# Rack for Audi A4 Convertible



## ~Tease~ (Aug 24, 2009)

Hi everyone,

I have spent the past age (1.5 weeks) doing research trying to find whether you can get a bike rack for a Audi A4 convertible. Since I spent so much time doing it I wanted to post to say that IT CAN BE DONE - AND WITHOUT A HITCH!

The Saris Bones 3 works - however you have to use the straps in a different setting - aka you need to use the ones that you should use for the bottom on the sides, and the ones you should use for the sides on the bottom. If you fit it right - you can also put the roof up and down with it in place.

It should be noted that I also needed a Saris Bike Beam to get my bike on it... all good though...


----------



## arkon11 (Jul 26, 2009)

To be completely honest.... I wouldn't risk putting a strap on rack onto that nice of a vehicle. Especially with downhill bike weights. I had a Bones 3 rack, and it left marks in the paint on all of the vehicles it was used on. 

I then added MORE foam padding, and it still slightly marred the paint. 

Do what you will, but I'd spend the extra money for a hitch (if you car supports one)


----------



## ~Tease~ (Aug 24, 2009)

arkon11 said:


> To be completely honest.... I wouldn't risk putting a strap on rack onto that nice of a vehicle. Especially with downhill bike weights. I had a Bones 3 rack, and it left marks in the paint on all of the vehicles it was used on.
> 
> I then added MORE foam padding, and it still slightly marred the paint.
> 
> Do what you will, but I'd spend the extra money for a hitch (if you car supports one)


Yeah - I saw your post. But its an old car (10 years) so not that worried. As with everything there are mixed reviews of the rack and mostly positive. I will be sure to provide updates so that people know if it is going to damage the paintwork though...


----------



## guim (May 2, 2006)

Hi! I have a hatchback car too and also use a rack like this. It marred my car's paint (6000km road trip), but now I put wide stripes of Avery clear vinyl on the car under where the straps lay. It's not that apparent, can be removed without any glue left on the car, won't take the paint off, and since it's clear, it's not that apparent even on my black car.

3$/yard for a 24" wide and you have more than enough for your car. 

The thing that bothers me is that the rack has to have a pressure point in the rear window, but I didn't have any problem in like 10 000km. That doesn't seem to be the case with your Audi tho.


----------



## arkon11 (Jul 26, 2009)

Good point about putting on some vinyl strips! 

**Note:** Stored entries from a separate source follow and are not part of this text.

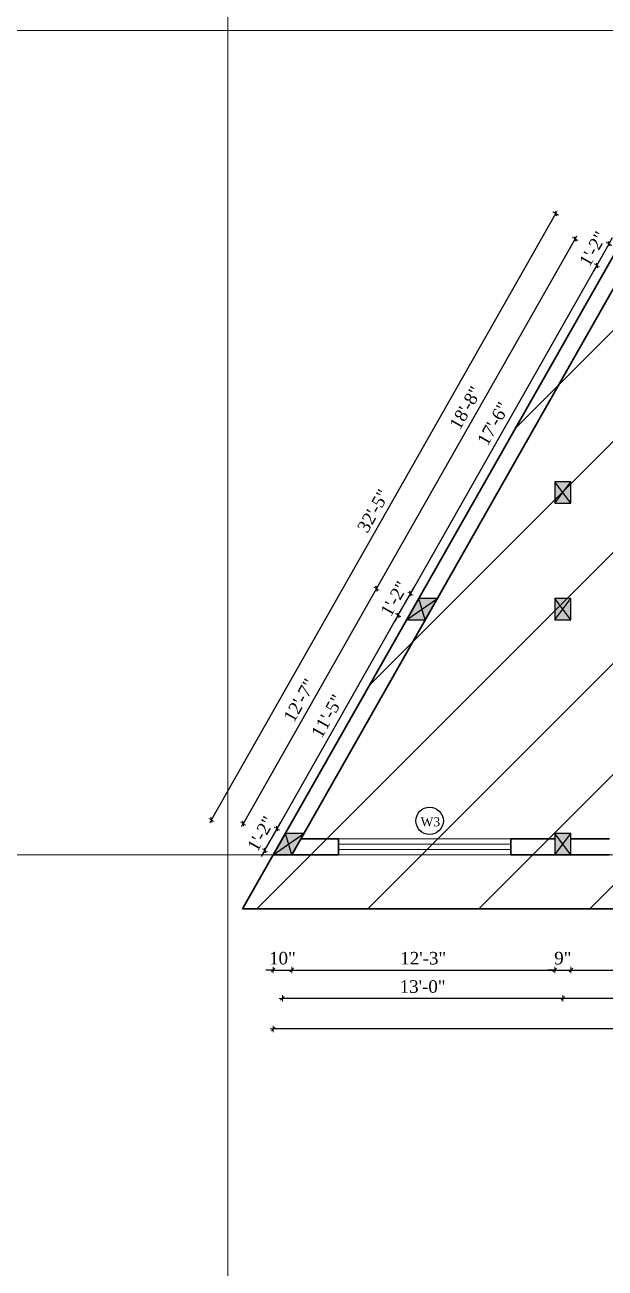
# Model space of a CAD drawing. Header units: inches. Extents: x 6873 to 34015, y -4436 to 8204.
# Drawn here: x 16378 to 16702, y 927 to 1620 of the extents above; entities that cross this region are included whole.
import ezdxf

# ---------------------------------------------------------------- set-up
doc = ezdxf.new("R2010")
doc.units = ezdxf.units.IN
doc.header["$LTSCALE"] = 5
doc.header["$MEASUREMENT"] = 0
for name, color, linetype, lineweight in [('A-WALL', 7, 'Continuous', 9), ('Dimension', 7, 'Continuous', 18), ('Dw', 2, 'Continuous', 18), ('ele1', 21, 'Continuous', 20)]:
    doc.layers.add(name, color=color, linetype=linetype, lineweight=lineweight)
doc.layers.add('dim line', color=7, linetype='Continuous', lineweight=15, true_color=0xfab2b2)
doc.layers.add('TEXT', color=6, linetype='Continuous')
doc.layers.add('WALL', color=7, linetype='Continuous')
doc.styles.add('ordinary', font='times.ttf')
doc.dimstyles.new('Copy of 96', dxfattribs={"dimtxt": 7, "dimasz": 4, "dimexe": 0.5, "dimexo": 0.5, "dimgap": 3, "dimtad": 1, "dimdec": 1, "dimzin": 11, "dimdsep": 46, "dimlunit": 4, "dimtxsty": 'ordinary', "dimblk": 'OBLIQUE', "dimcen": 0.09, "dimse1": 1, "dimse2": 1, "dimclrt": 6, "dimazin": 0, "dimtfac": 1, "dimtdec": 1, "dimtix": 1, "dimtmove": 2, "dimatfit": 3, "dimldrblk": 'leader', "dimfxl": 0.5, "dimfxlon": 1, "dimtolj": 1, "dimtzin": 0, "dimarcsym": 0})

# ---------------------------------------------------------------- blocks, each defined once
blk = doc.blocks.new('c2a')
at = {"color": 1, "ltscale": 5}
for p, q in [((18091.63, 4625.76), (18084.82, 4613.76)), ((18101.98, 4625.76), (18091.63, 4625.76)), ((18095.17, 4613.76), (18101.98, 4625.76)), ((18084.82, 4613.76), (18095.17, 4613.76))]:
    blk.add_line(p, q, dxfattribs=at)
blk = doc.blocks.new('oblique')
at = {"color": 0, "lineweight": -2}
blk.add_line((0.25, 0.25), (-0.25, -0.25), dxfattribs=at)
at = {"layer": 'dim line', "lineweight": 9}
for p, q in [((-0.4375, 0), (0.4375, 0)), ((0, 0.4375), (0, -0.4375))]:
    blk.add_line(p, q, dxfattribs=at)
blk = doc.blocks.new('*D123')
at = {"layer": 'A-WALL', "color": 0, "lineweight": -2, "ltscale": 50, "transparency": 16777216}
blk.add_line((16828.25, 1077.44), (16678.25, 1077.44), dxfattribs=at)
at = {"layer": 'Defpoints', "color": 0, "ltscale": 50, "transparency": 16777216}
for p in [(16678.25, 1157.37), (16828.25, 1157.37), (16678.25, 1077.44)]:
    blk.add_point(p, dxfattribs=at)
at = {"layer": 'A-WALL', "color": 0, "lineweight": -2, "ltscale": 50, "transparency": 16777216, "xscale": 4, "yscale": 4, "zscale": 4, "rotation": 180}
blk.add_blockref('oblique', (16678.25, 1077.44), dxfattribs=at)
at = {"layer": 'A-WALL', "color": 0, "lineweight": -2, "ltscale": 50, "transparency": 16777216, "xscale": 4, "yscale": 4, "zscale": 4}
blk.add_blockref('oblique', (16828.25, 1077.44), dxfattribs=at)
at = {"layer": 'A-WALL', "color": 6, "ltscale": 50, "transparency": 16777216, "insert": (16753.25, 1084), "char_height": 7, "attachment_point": 5, "style": 'ordinary'}
blk.add_mtext('\\A1;12\'-6"', dxfattribs=at)
blk = doc.blocks.new('_OBLIQUE')
at = {"color": 0, "linetype": 'ByBlock'}
blk.add_line((-0.5, -0.5), (0.5, 0.5), dxfattribs=at)
blk = doc.blocks.new('leader')
at = {"layer": 'Dimension'}
for p, q in [((0, -4.33), (0, 4.33)), ((-4.42, 0), (4.42, 0))]:
    blk.add_line(p, q, dxfattribs=at)
blk = doc.blocks.new('*D124')
at = {"layer": 'A-WALL', "color": 0, "lineweight": -2, "ltscale": 50, "transparency": 16777216}
blk.add_line((16678.25, 1077.44), (16521.92, 1077.44), dxfattribs=at)
at = {"layer": 'Defpoints', "color": 0, "ltscale": 50, "transparency": 16777216}
for p in [(16521.92, 1157.37), (16678.25, 1157.37), (16521.92, 1077.44)]:
    blk.add_point(p, dxfattribs=at)
at = {"layer": 'A-WALL', "color": 0, "lineweight": -2, "ltscale": 50, "transparency": 16777216, "xscale": 4, "yscale": 4, "zscale": 4, "rotation": 180}
blk.add_blockref('oblique', (16521.92, 1077.44), dxfattribs=at)
at = {"layer": 'A-WALL', "color": 0, "lineweight": -2, "ltscale": 50, "transparency": 16777216, "xscale": 4, "yscale": 4, "zscale": 4}
blk.add_blockref('oblique', (16678.25, 1077.44), dxfattribs=at)
at = {"layer": 'A-WALL', "color": 6, "ltscale": 50, "transparency": 16777216, "insert": (16600.09, 1084), "char_height": 7, "attachment_point": 5, "style": 'ordinary'}
blk.add_mtext('\\A1;13\'-0"', dxfattribs=at)
blk = doc.blocks.new('*D125')
at = {"layer": 'A-WALL', "color": 0, "lineweight": -2, "ltscale": 50, "transparency": 16777216}
blk.add_line((17089.75, 1060.41), (16516.75, 1060.41), dxfattribs=at)
at = {"layer": 'Defpoints', "color": 0, "ltscale": 50, "transparency": 16777216}
for p in [(16516.75, 1157.37), (17089.75, 1157.37), (16516.75, 1060.41)]:
    blk.add_point(p, dxfattribs=at)
at = {"layer": 'A-WALL', "color": 0, "lineweight": -2, "ltscale": 50, "transparency": 16777216, "xscale": 4, "yscale": 4, "zscale": 4, "rotation": 180}
blk.add_blockref('oblique', (16516.75, 1060.41), dxfattribs=at)
at = {"layer": 'A-WALL', "color": 0, "lineweight": -2, "ltscale": 50, "transparency": 16777216, "xscale": 4, "yscale": 4, "zscale": 4}
blk.add_blockref('oblique', (17089.75, 1060.41), dxfattribs=at)
at = {"layer": 'A-WALL', "color": 6, "ltscale": 50, "transparency": 16777216, "insert": (16803.25, 1066.99), "char_height": 7, "attachment_point": 5, "style": 'ordinary'}
blk.add_mtext('\\A1;47\'-9"', dxfattribs=at)
blk = doc.blocks.new('*D126')
at = {"layer": 'A-WALL', "color": 0, "lineweight": -2, "ltscale": 50, "transparency": 16777216}
for p, q in [((16512.1, 1160), (16518.92, 1172)), ((16518.92, 1172), (16520.89, 1175.48)), ((16512.1, 1160), (16510.13, 1156.53))]:
    blk.add_line(p, q, dxfattribs=at)
at = {"layer": 'Defpoints', "color": 0, "ltscale": 50, "transparency": 16777216}
for p in [(16518.92, 1172), (16523.56, 1169.37), (16516.75, 1157.37)]:
    blk.add_point(p, dxfattribs=at)
at = {"layer": 'A-WALL', "color": 0, "lineweight": -2, "ltscale": 50, "transparency": 16777216, "xscale": 4, "yscale": 4, "zscale": 4}
for p, rotation in [((16518.92, 1172), 240.4114854942765), ((16512.1, 1160), 60.41148549427654)]:
    blk.add_blockref('oblique', p, dxfattribs=dict(at, rotation=rotation))
at = {"layer": 'A-WALL', "color": 6, "ltscale": 50, "transparency": 16777216, "insert": (16509.86, 1169.21), "char_height": 7, "attachment_point": 5, "rotation": 60.41149, "style": 'ordinary'}
blk.add_mtext('\\A1;1\'-2"', dxfattribs=at)
blk = doc.blocks.new('*D127')
at = {"layer": 'A-WALL', "color": 0, "lineweight": -2, "ltscale": 50, "transparency": 16777216}
blk.add_line((16518.92, 1172), (16586.49, 1291), dxfattribs=at)
at = {"layer": 'Defpoints', "color": 0, "ltscale": 50, "transparency": 16777216}
for p in [(16586.49, 1291), (16591.13, 1288.37), (16523.56, 1169.37)]:
    blk.add_point(p, dxfattribs=at)
at = {"layer": 'A-WALL', "color": 0, "lineweight": -2, "ltscale": 50, "transparency": 16777216, "xscale": 4, "yscale": 4, "zscale": 4}
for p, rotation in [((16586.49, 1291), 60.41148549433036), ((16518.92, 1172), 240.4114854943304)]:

Seems like a cheap and effective way to protect your car. I use the 3m stuff on my bikes.


----------



## SHIVER ME TIMBERS (Jan 12, 2004)

nmmmmm


----------



## cyclelicious (Oct 7, 2008)

The bike looks like it's partially obscuring the license plate. 
Maybe the bike is sitting too low with this type of rack?


----------



## csermonet (Feb 2, 2009)

Got more balls than me strapping your 2k+ bike to a strap on rack. I understand that a hitch makes for an eye sore when not in use, thus the reason I got a roof rack, alas your convertible would not be compatable.from my experience with strap on racks, they DESTROY your paint after some considerable use, and they are not very secure. Had my bike on a buddys saris strap-on rack, and the rack failed and fell off his vehicle, breaking my shifter in the process.


----------



## howardyudoing (Mar 31, 2010)

This is how I do it. 600 miles to and from Tahoe. 100s shuttling local trails.










very very very very old school tube rack. And yes, there are dents on my trunk lid, but it's nothing more than a dent from when someone opens their door into yours in a parking lot. Not noticeable unless you're looking.


----------



## delirian (Jan 1, 2009)

are you guys not required to have tailboards when using racks like this. back in the days when were into bmx we used to get pulled by the cops all the time for not having a tailboard fitted to the rack, cops siad the lights were coverd by the bikes so it was hazzardous to toher drivers as they couldnt see brake lights indicators ect. 
also here in the uk there have been quite a few incidents were people have had bikes stolen off the rack, and im not talking about bikes that are left unattended. im reafing to people stopping at lights in city centres, the theif will run over cut the straps and make off on your bike, 
i wont go into the failing issues and bikes falling off on motorways.


----------



## howardyudoing (Mar 31, 2010)

^ Not sure about laws, but I make sure the lights are visible though, at least through the wheels. And as for theft, not many people run up to cars at stoplights in my parts, and the bikes are always cable locked to each other and the roof rack during transit. 

Personally I have never been pulled over. I just get a lot of stares from other drivers.


----------